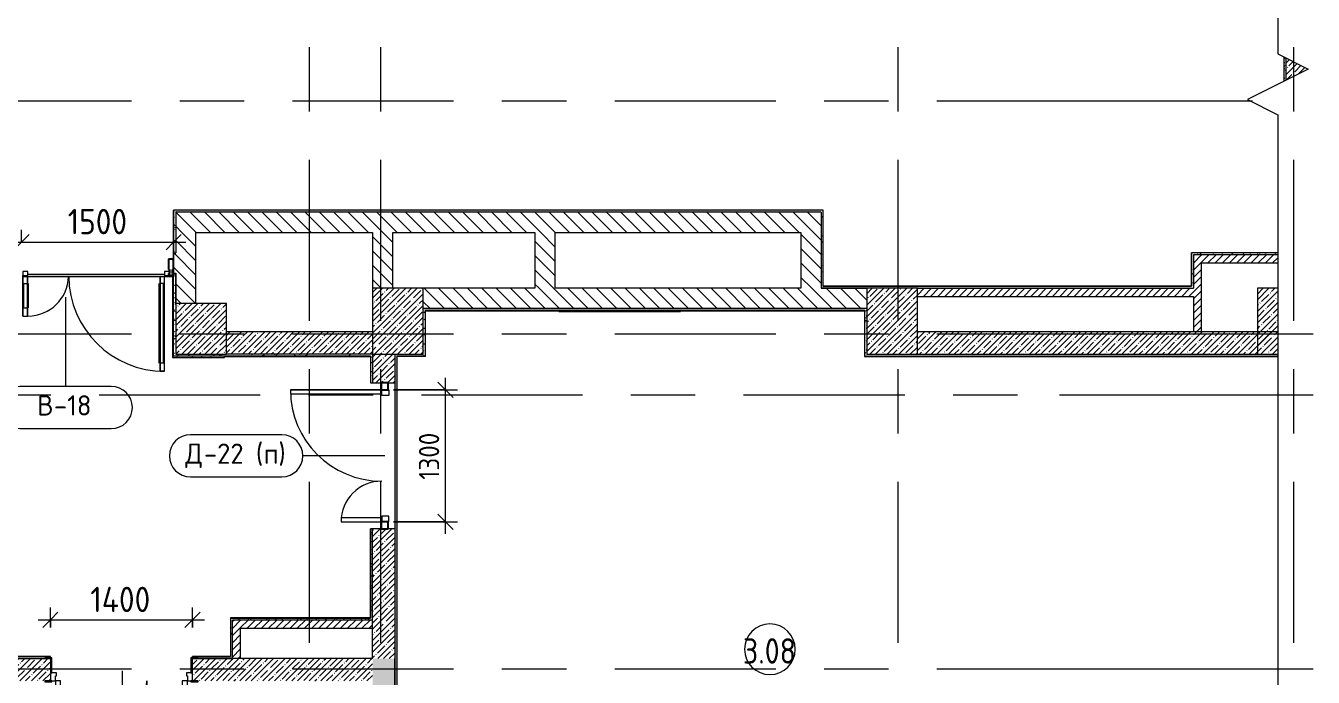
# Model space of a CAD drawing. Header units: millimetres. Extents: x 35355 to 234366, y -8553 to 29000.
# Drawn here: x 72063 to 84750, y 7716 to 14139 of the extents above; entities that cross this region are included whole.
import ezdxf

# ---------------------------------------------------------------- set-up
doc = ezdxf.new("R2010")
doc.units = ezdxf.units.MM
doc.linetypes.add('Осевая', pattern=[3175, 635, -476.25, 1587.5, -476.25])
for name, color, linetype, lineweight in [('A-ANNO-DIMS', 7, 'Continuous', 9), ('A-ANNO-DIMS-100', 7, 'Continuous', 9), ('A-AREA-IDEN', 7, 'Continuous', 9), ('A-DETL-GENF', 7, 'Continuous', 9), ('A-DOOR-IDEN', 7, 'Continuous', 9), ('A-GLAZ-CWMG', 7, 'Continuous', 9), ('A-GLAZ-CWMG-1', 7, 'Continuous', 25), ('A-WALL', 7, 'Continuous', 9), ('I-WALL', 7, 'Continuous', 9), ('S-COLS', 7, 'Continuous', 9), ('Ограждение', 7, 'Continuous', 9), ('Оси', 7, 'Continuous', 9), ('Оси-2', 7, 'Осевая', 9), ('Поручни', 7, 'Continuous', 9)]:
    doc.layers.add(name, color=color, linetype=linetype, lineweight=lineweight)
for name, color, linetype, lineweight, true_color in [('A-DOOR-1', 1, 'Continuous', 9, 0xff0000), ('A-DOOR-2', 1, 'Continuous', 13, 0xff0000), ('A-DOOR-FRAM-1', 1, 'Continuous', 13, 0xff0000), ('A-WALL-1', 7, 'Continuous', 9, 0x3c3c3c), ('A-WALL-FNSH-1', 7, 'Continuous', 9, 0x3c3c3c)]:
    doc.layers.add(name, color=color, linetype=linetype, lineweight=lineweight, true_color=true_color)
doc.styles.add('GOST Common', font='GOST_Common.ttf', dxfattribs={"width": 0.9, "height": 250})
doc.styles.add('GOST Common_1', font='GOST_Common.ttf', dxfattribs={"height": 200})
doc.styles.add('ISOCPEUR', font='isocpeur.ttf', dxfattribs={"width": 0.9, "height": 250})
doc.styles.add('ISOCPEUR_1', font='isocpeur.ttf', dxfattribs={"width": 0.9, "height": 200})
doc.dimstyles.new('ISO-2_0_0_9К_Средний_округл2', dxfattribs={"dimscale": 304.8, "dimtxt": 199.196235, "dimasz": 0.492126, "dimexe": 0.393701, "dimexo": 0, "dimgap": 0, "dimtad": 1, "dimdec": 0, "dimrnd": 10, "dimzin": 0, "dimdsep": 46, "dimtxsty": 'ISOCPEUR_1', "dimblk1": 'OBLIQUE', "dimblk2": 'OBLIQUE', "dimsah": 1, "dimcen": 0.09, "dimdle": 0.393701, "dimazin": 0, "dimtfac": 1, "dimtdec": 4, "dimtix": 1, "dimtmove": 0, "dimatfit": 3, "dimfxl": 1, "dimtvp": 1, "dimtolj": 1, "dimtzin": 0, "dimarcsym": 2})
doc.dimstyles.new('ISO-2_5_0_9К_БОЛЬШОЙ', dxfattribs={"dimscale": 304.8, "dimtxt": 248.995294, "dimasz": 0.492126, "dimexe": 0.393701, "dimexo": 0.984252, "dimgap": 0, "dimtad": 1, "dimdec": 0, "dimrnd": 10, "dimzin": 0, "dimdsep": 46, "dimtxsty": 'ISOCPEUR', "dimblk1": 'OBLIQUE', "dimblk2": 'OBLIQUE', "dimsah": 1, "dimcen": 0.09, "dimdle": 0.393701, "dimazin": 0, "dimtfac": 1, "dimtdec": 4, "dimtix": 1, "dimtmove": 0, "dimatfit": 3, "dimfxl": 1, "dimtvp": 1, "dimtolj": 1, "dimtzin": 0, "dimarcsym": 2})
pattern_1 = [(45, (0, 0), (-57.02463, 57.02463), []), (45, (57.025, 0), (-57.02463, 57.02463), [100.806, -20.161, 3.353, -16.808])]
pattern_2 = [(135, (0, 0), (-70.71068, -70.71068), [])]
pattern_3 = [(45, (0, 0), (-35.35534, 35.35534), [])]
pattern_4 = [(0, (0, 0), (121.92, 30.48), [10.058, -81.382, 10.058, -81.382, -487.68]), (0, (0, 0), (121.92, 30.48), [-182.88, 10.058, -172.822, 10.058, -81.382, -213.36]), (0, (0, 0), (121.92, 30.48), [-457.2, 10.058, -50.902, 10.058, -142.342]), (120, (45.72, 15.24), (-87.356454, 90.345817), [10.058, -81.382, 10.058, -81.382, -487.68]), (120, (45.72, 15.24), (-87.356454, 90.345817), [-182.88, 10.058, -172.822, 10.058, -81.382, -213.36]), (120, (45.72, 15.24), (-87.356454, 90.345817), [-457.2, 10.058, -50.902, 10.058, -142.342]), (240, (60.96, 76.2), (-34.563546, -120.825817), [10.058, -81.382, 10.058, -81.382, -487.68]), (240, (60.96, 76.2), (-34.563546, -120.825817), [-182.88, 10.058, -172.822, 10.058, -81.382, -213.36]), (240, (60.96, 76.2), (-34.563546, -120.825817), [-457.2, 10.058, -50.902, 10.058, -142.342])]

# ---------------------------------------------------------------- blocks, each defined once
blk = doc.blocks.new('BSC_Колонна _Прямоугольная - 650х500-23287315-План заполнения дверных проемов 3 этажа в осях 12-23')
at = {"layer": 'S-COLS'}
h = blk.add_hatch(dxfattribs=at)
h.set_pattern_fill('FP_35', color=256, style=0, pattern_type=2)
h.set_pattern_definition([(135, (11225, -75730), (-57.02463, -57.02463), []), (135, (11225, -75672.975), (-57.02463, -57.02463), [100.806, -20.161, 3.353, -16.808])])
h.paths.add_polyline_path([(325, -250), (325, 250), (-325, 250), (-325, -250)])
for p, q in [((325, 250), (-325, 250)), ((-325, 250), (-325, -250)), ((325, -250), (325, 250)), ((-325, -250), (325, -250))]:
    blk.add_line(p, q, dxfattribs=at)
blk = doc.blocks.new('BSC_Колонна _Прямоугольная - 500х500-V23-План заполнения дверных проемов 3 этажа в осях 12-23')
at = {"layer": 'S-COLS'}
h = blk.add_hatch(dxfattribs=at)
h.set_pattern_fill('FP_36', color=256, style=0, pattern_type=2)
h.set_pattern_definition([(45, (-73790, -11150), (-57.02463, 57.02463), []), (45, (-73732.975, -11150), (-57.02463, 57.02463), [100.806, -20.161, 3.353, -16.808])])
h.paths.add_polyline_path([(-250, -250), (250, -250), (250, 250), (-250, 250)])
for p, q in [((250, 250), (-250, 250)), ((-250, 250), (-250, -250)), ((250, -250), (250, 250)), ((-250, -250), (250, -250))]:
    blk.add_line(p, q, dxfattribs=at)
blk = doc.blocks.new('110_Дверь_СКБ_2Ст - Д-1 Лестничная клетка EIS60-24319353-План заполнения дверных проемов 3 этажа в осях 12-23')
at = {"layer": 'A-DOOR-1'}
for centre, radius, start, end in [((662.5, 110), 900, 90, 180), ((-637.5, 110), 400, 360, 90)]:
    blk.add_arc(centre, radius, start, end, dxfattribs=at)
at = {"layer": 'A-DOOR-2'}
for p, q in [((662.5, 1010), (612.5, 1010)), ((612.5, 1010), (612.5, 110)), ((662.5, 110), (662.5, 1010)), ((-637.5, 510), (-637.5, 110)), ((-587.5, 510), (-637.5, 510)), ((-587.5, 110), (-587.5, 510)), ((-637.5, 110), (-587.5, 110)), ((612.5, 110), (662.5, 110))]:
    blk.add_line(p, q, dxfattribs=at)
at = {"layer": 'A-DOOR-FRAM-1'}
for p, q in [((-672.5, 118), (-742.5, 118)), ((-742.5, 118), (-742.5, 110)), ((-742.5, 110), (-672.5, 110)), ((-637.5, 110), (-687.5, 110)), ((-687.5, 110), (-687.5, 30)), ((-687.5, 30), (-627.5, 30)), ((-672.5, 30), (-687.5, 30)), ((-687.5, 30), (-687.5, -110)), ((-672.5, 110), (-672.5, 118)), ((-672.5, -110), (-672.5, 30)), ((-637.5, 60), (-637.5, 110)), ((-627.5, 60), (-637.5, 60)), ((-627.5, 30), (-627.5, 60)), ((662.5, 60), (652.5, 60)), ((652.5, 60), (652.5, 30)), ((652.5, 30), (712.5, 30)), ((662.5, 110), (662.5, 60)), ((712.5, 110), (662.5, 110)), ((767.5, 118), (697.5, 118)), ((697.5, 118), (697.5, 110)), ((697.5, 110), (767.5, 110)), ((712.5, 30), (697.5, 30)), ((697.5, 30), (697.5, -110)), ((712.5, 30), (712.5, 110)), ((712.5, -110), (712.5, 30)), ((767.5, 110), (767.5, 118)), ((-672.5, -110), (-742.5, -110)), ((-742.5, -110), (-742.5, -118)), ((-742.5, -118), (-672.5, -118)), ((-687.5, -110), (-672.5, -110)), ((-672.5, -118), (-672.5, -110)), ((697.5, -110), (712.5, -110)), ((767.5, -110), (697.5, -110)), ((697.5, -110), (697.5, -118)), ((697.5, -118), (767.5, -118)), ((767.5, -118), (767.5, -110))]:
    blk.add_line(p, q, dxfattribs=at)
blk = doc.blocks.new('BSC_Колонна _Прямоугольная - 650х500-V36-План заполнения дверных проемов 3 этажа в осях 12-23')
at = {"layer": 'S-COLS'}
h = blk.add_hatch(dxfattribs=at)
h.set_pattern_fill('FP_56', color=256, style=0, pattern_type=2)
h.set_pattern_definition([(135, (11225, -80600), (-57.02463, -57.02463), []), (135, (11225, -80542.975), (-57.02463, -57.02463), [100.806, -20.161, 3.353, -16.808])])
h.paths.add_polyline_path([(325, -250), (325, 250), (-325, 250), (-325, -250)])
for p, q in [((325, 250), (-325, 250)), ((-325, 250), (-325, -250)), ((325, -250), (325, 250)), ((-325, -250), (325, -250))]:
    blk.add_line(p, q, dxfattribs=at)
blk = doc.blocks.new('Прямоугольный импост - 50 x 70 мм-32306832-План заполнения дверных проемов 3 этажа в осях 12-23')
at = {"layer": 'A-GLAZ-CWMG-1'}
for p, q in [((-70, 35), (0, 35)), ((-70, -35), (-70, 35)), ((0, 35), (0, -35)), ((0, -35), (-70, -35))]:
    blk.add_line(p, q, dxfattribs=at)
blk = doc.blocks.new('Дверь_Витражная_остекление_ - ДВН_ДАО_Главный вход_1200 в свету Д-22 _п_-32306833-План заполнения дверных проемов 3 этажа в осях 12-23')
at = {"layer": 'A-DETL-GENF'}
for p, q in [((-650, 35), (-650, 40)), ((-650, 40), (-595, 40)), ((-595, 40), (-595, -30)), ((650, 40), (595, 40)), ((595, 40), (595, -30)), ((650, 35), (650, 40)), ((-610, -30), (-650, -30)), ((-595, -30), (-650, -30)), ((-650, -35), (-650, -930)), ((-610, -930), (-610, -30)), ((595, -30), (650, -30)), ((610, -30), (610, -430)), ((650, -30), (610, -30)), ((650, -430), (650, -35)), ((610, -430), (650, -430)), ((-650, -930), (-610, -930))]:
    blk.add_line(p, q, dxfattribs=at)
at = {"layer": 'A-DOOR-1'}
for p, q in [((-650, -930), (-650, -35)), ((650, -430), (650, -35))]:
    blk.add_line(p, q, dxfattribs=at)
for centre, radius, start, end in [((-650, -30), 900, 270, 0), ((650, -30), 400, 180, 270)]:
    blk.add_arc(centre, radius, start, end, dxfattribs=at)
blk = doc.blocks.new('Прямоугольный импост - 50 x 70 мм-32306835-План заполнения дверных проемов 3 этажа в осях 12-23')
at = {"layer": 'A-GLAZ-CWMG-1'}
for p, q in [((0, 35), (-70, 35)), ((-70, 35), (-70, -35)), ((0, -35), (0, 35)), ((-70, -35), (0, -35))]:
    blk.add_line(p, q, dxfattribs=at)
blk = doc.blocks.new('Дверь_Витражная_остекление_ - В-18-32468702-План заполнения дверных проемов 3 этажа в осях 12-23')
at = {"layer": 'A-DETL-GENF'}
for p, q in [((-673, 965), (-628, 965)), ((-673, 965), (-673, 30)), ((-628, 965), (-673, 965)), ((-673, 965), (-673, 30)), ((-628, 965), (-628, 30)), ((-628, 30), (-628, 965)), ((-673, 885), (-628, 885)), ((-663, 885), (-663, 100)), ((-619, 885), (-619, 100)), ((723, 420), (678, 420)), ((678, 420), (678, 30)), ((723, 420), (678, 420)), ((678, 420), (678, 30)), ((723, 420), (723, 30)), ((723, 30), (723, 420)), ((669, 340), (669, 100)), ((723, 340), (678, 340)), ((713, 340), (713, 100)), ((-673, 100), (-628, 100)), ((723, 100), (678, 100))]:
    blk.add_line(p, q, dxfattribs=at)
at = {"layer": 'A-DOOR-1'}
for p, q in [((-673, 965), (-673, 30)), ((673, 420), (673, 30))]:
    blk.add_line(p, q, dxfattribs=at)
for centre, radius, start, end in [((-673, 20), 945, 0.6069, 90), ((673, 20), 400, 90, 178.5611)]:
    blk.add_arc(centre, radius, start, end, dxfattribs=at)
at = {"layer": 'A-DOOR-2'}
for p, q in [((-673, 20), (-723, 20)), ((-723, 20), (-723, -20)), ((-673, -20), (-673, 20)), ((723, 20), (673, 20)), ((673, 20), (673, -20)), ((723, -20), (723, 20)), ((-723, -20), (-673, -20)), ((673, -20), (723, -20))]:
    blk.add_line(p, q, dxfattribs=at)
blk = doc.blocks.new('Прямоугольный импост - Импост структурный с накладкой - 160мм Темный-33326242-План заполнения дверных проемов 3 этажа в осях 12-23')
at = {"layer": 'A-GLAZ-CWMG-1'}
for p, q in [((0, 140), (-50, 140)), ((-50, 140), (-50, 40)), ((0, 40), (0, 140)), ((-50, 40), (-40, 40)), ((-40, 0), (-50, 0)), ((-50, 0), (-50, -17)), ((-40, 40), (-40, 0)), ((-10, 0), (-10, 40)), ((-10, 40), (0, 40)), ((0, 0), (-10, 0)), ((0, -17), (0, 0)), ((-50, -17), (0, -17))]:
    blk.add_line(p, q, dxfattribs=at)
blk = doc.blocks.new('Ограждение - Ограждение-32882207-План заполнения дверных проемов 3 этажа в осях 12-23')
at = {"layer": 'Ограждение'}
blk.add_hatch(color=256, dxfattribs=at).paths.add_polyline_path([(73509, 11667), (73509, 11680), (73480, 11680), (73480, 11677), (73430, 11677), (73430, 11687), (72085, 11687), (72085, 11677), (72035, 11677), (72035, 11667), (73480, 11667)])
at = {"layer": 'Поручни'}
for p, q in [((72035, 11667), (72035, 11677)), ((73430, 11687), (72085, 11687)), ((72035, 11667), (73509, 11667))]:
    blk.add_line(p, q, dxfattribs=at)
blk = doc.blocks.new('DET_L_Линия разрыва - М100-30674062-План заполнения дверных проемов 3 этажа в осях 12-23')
■ ■ ■
Each line of the material that contains "color" is to be counted, and only the total stated.

» **Answer box**
8